[Data entries]
================================

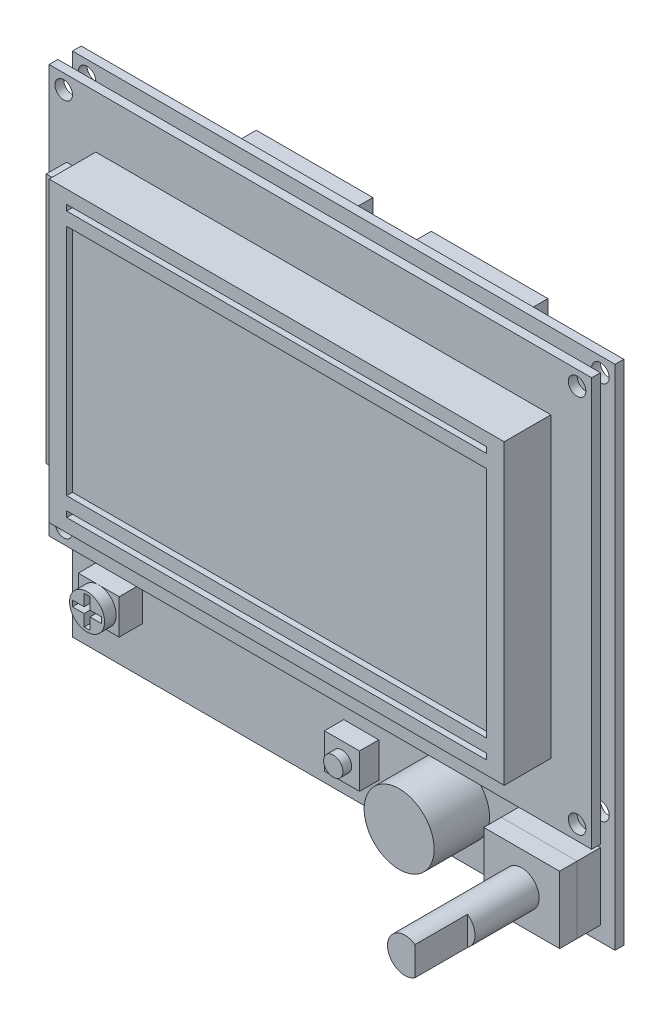
from build123d import *

# Parameters (mm, degrees)
ESQUISSE1_W             = 78
ESQUISSE1_H             = 51
BOSS_EXTRU_1_DEPTH      = 8
ESQUISSE2_W             = 72
ESQUISSE2_H             = 40
ESQUISSE2_H_2           = 1
ENL_V_MAT_EXTRU_1_DEPTH = 1
ESQUISSE3_W             = 5
ESQUISSE3_H             = 43
BOSS_EXTRU_2_DEPTH      = 3.5
ESQUISSE4_W             = 93
ESQUISSE4_H             = 70
ESQUISSE4_R             = 1.5
BOSS_EXTRU_3_DEPTH      = 1.5
ESQUISSE5_W             = 93
ESQUISSE5_H             = 87
ESQUISSE5_R             = 1.5
BOSS_EXTRU_4_DEPTH      = 1.5
BOSS_EXTRU_5_DEPTH      = 25
ESQUISSE7_W             = 20
ESQUISSE7_H             = 9
ESQUISSE7_W_2           = 18
ESQUISSE7_H_2           = 7
BOSS_EXTRU_6_DEPTH      = 9
BOSS_EXTRU_6_2_DEPTH    = 9
ESQUISSE8_W             = 13
ESQUISSE8_H             = 11.5
BOSS_EXTRU_7_DEPTH      = 4
ESQUISSE8_W_2           = 7
ESQUISSE8_H_2           = 6
BOSS_EXTRU_7_2_DEPTH    = 4
ESQUISSE9_W             = 13
ESQUISSE9_H             = 11.5
BOSS_EXTRU_8_DEPTH      = 3
ESQUISSE10_R            = 3
BOSS_EXTRU_9_DEPTH      = 20
ESQUISSE11_W            = 20.196518619
ESQUISSE11_H            = 4.923957274
ENL_V_MAT_EXTRU_2_DEPTH = 9
ESQUISSE12_R            = 6
BOSS_EXTRU_10_DEPTH     = 9.5
ESQUISSE13_R            = 3
BOSS_EXTRU_11_DEPTH     = 2
ESQUISSE14_W            = 6
ESQUISSE14_H            = 6
BOSS_EXTRU_12_DEPTH     = 3.3
ESQUISSE15_R            = 1.65
BOSS_EXTRU_13_DEPTH     = 1.5


with BuildPart() as part:
    # Esquisse1 → Boss.-Extru.1 (new body)
    with BuildSketch(Plane.XY):
        with Locations((0, 25.5)):
            Rectangle(ESQUISSE1_W, ESQUISSE1_H)
    extrude(amount=BOSS_EXTRU_1_DEPTH)

    # Esquisse2 → Enlèv. mat.-Extru.1 (cut)
    with BuildSketch(Plane.XY.offset(8)):
        with Locations((0, 25.5)):
            Rectangle(ESQUISSE2_W, ESQUISSE2_H)
        with Locations((0, 2.75)):
            Rectangle(ESQUISSE2_W, ESQUISSE2_H_2)
        with Locations((0, 48.25)):
            Rectangle(ESQUISSE2_W, ESQUISSE2_H_2)
    extrude(amount=-ENL_V_MAT_EXTRU_1_DEPTH, mode=Mode.SUBTRACT)


with BuildPart() as body_2:
    # Esquisse3 → Boss.-Extru.2 (new body)
    with BuildSketch(Plane(origin=(0, 0, 0), x_dir=(-1, 0, 0), z_dir=(0, 0, -1))):
        with Locations((41.5, 25.5)):
            Rectangle(ESQUISSE3_W, ESQUISSE3_H)
    extrude(amount=-BOSS_EXTRU_2_DEPTH)


with BuildPart() as body_3:
    # Esquisse4 → Boss.-Extru.3 (new body)
    with BuildSketch(Plane(origin=(0, 0, 0), x_dir=(-1, 0, 0), z_dir=(0, 0, -1))):
        with Locations((0.5, 25)):
            Rectangle(ESQUISSE4_W, ESQUISSE4_H)
        with Locations((-43.5, 57.5)):
            Circle(ESQUISSE4_R, mode=Mode.SUBTRACT)
        with Locations((-43.5, -7.5)):
            Circle(ESQUISSE4_R, mode=Mode.SUBTRACT)
        with Locations((44.5, 57.5)):
            Circle(ESQUISSE4_R, mode=Mode.SUBTRACT)
        with Locations((44.5, -7.5)):
            Circle(ESQUISSE4_R, mode=Mode.SUBTRACT)
    extrude(amount=BOSS_EXTRU_3_DEPTH)


with BuildPart() as body_4:
    # Esquisse5 → Boss.-Extru.4 (new body)
    with BuildSketch(Plane(origin=(0, 0, -4), x_dir=(-1, 0, 0), z_dir=(0, 0, -1))):
        with Locations((0.5, 16.5)):
            Rectangle(ESQUISSE5_W, ESQUISSE5_H)
        with Locations((-43.5, 57.5)):
            Circle(ESQUISSE5_R, mode=Mode.SUBTRACT)
        with Locations((-43.5, -7.5)):
            Circle(ESQUISSE5_R, mode=Mode.SUBTRACT)
        with Locations((44.5, -7.5)):
            Circle(ESQUISSE5_R, mode=Mode.SUBTRACT)
        with Locations((44.5, 57.5)):
            Circle(ESQUISSE5_R, mode=Mode.SUBTRACT)
    extrude(amount=BOSS_EXTRU_4_DEPTH)


with BuildPart() as body_5:
    # Esquisse6 → Boss.-Extru.5 (new body)
    with BuildSketch(Plane.ZY.offset(47)):
        Polygon((-5.5, 38.5), (-8.5, 38.5), (-8.5, 12), (-5.5, 12), (-5.5, 12.25), (-8.25, 12.25), (-8.25, 38.25), (-5.5, 38.25), align=None)
    extrude(amount=-BOSS_EXTRU_5_DEPTH)


with BuildPart() as body_6:
    # Esquisse7 → Boss.-Extru.6 (new body)
    with BuildSketch(Plane(origin=(0, 0, -5.5), x_dir=(-1, 0, 0), z_dir=(0, 0, -1))):
        with Locations((16, 49)):
            Rectangle(ESQUISSE7_W, ESQUISSE7_H)
        with Locations((16, 49)):
            Rectangle(ESQUISSE7_W_2, ESQUISSE7_H_2, mode=Mode.SUBTRACT)
    extrude(amount=BOSS_EXTRU_6_DEPTH)


with BuildPart() as body_7:
    # Esquisse7 → Boss.-Extru.6 2 (new body)
    with BuildSketch(Plane(origin=(0, 0, -5.5), x_dir=(-1, 0, 0), z_dir=(0, 0, -1))):
        with Locations((-14, 49)):
            Rectangle(ESQUISSE7_W, ESQUISSE7_H)
        with Locations((-14, 49)):
            Rectangle(ESQUISSE7_W_2, ESQUISSE7_H_2, mode=Mode.SUBTRACT)
    extrude(amount=BOSS_EXTRU_6_2_DEPTH)


with BuildPart() as body_8:
    # Esquisse8 → Boss.-Extru.7 (new body)
    with BuildSketch(Plane.XY.offset(-4)):
        with Locations((37, -18.75)):
            Rectangle(ESQUISSE8_W, ESQUISSE8_H)
    extrude(amount=BOSS_EXTRU_7_DEPTH)


with BuildPart() as body_9:
    # Esquisse8 → Boss.-Extru.7 2 (new body)
    with BuildSketch(Plane.XY.offset(-4)):
        with Locations((-38.5, -16)):
            Rectangle(ESQUISSE8_W_2, ESQUISSE8_H_2)
    extrude(amount=BOSS_EXTRU_7_2_DEPTH)


with BuildPart() as body_10:
    # Esquisse9 → Boss.-Extru.8 (new body)
    with BuildSketch(Plane.XY):
        with Locations((37, -18.75)):
            Rectangle(ESQUISSE9_W, ESQUISSE9_H)
    extrude(amount=BOSS_EXTRU_8_DEPTH)


with BuildPart() as body_11:
    # Esquisse10 → Boss.-Extru.9 (new body)
    with BuildSketch(Plane.XY.offset(3)):
        with Locations((37, -18.75)):
            Circle(ESQUISSE10_R)
    extrude(amount=BOSS_EXTRU_9_DEPTH)

    # Esquisse11 → Enlèv. mat.-Extru.2 (cut)
    with BuildSketch(Plane.XY.offset(23)):
        with Locations((48.812511681, -18.75)):
            Rectangle(ESQUISSE11_W, ESQUISSE11_H)
    extrude(amount=-ENL_V_MAT_EXTRU_2_DEPTH, mode=Mode.SUBTRACT)


with BuildPart() as body_12:
    # Esquisse12 → Boss.-Extru.10 (new body)
    with BuildSketch(Plane.XY.offset(-4)):
        with Locations((18.5, -18)):
            Circle(ESQUISSE12_R)
    extrude(amount=BOSS_EXTRU_10_DEPTH)


with BuildPart() as body_13:
    # Esquisse13 → Boss.-Extru.11 (new body)
    with BuildSketch(Plane.XY):
        with Locations((-38.5, -16)):
            Circle(ESQUISSE13_R)
        Polygon((-38, -13.5), (-39, -13.5), (-39, -15.5), (-41, -15.5), (-41, -16.5), (-39, -16.5), (-39, -18.5), (-38, -18.5), (-38, -16.5), (-36, -16.5), (-36, -15.5), (-38, -15.5), align=None, mode=Mode.SUBTRACT)
    extrude(amount=BOSS_EXTRU_11_DEPTH)


with BuildPart() as body_14:
    # Esquisse14 → Boss.-Extru.12 (new body)
    with BuildSketch(Plane.XY.offset(-4)):
        with Locations((2.5, -19)):
            Rectangle(ESQUISSE14_W, ESQUISSE14_H)
    extrude(amount=BOSS_EXTRU_12_DEPTH)


with BuildPart() as body_15:
    # Esquisse15 → Boss.-Extru.13 (new body)
    with BuildSketch(Plane.XY.offset(-0.7)):
        with Locations((2.5, -19)):
            Circle(ESQUISSE15_R)
    extrude(amount=BOSS_EXTRU_13_DEPTH)


solid = Compound([part.part, body_2.part, body_3.part, body_4.part, body_5.part, body_6.part, body_7.part, body_8.part, body_9.part, body_10.part, body_11.part, body_12.part, body_13.part, body_14.part, body_15.part])

================================

- **What is being asked**
The line above containing "Rectangle(ESQUISSE11_W, ESQUISSE11_H)", the line containing "Circle(ESQUISSE13_R)", and every line between them are to be transcribed exactly; no other line is wanted.

- **Answer for the task**
            Rectangle(ESQUISSE11_W, ESQUISSE11_H)
    extrude(amount=-ENL_V_MAT_EXTRU_2_DEPTH, mode=Mode.SUBTRACT)


with BuildPart() as body_12:
    # Esquisse12 → Boss.-Extru.10 (new body)
    with BuildSketch(Plane.XY.offset(-4)):
        with Locations((18.5, -18)):
            Circle(ESQUISSE12_R)
    extrude(amount=BOSS_EXTRU_10_DEPTH)


with BuildPart() as body_13:
    # Esquisse13 → Boss.-Extru.11 (new body)
    with BuildSketch(Plane.XY):
        with Locations((-38.5, -16)):
            Circle(ESQUISSE13_R)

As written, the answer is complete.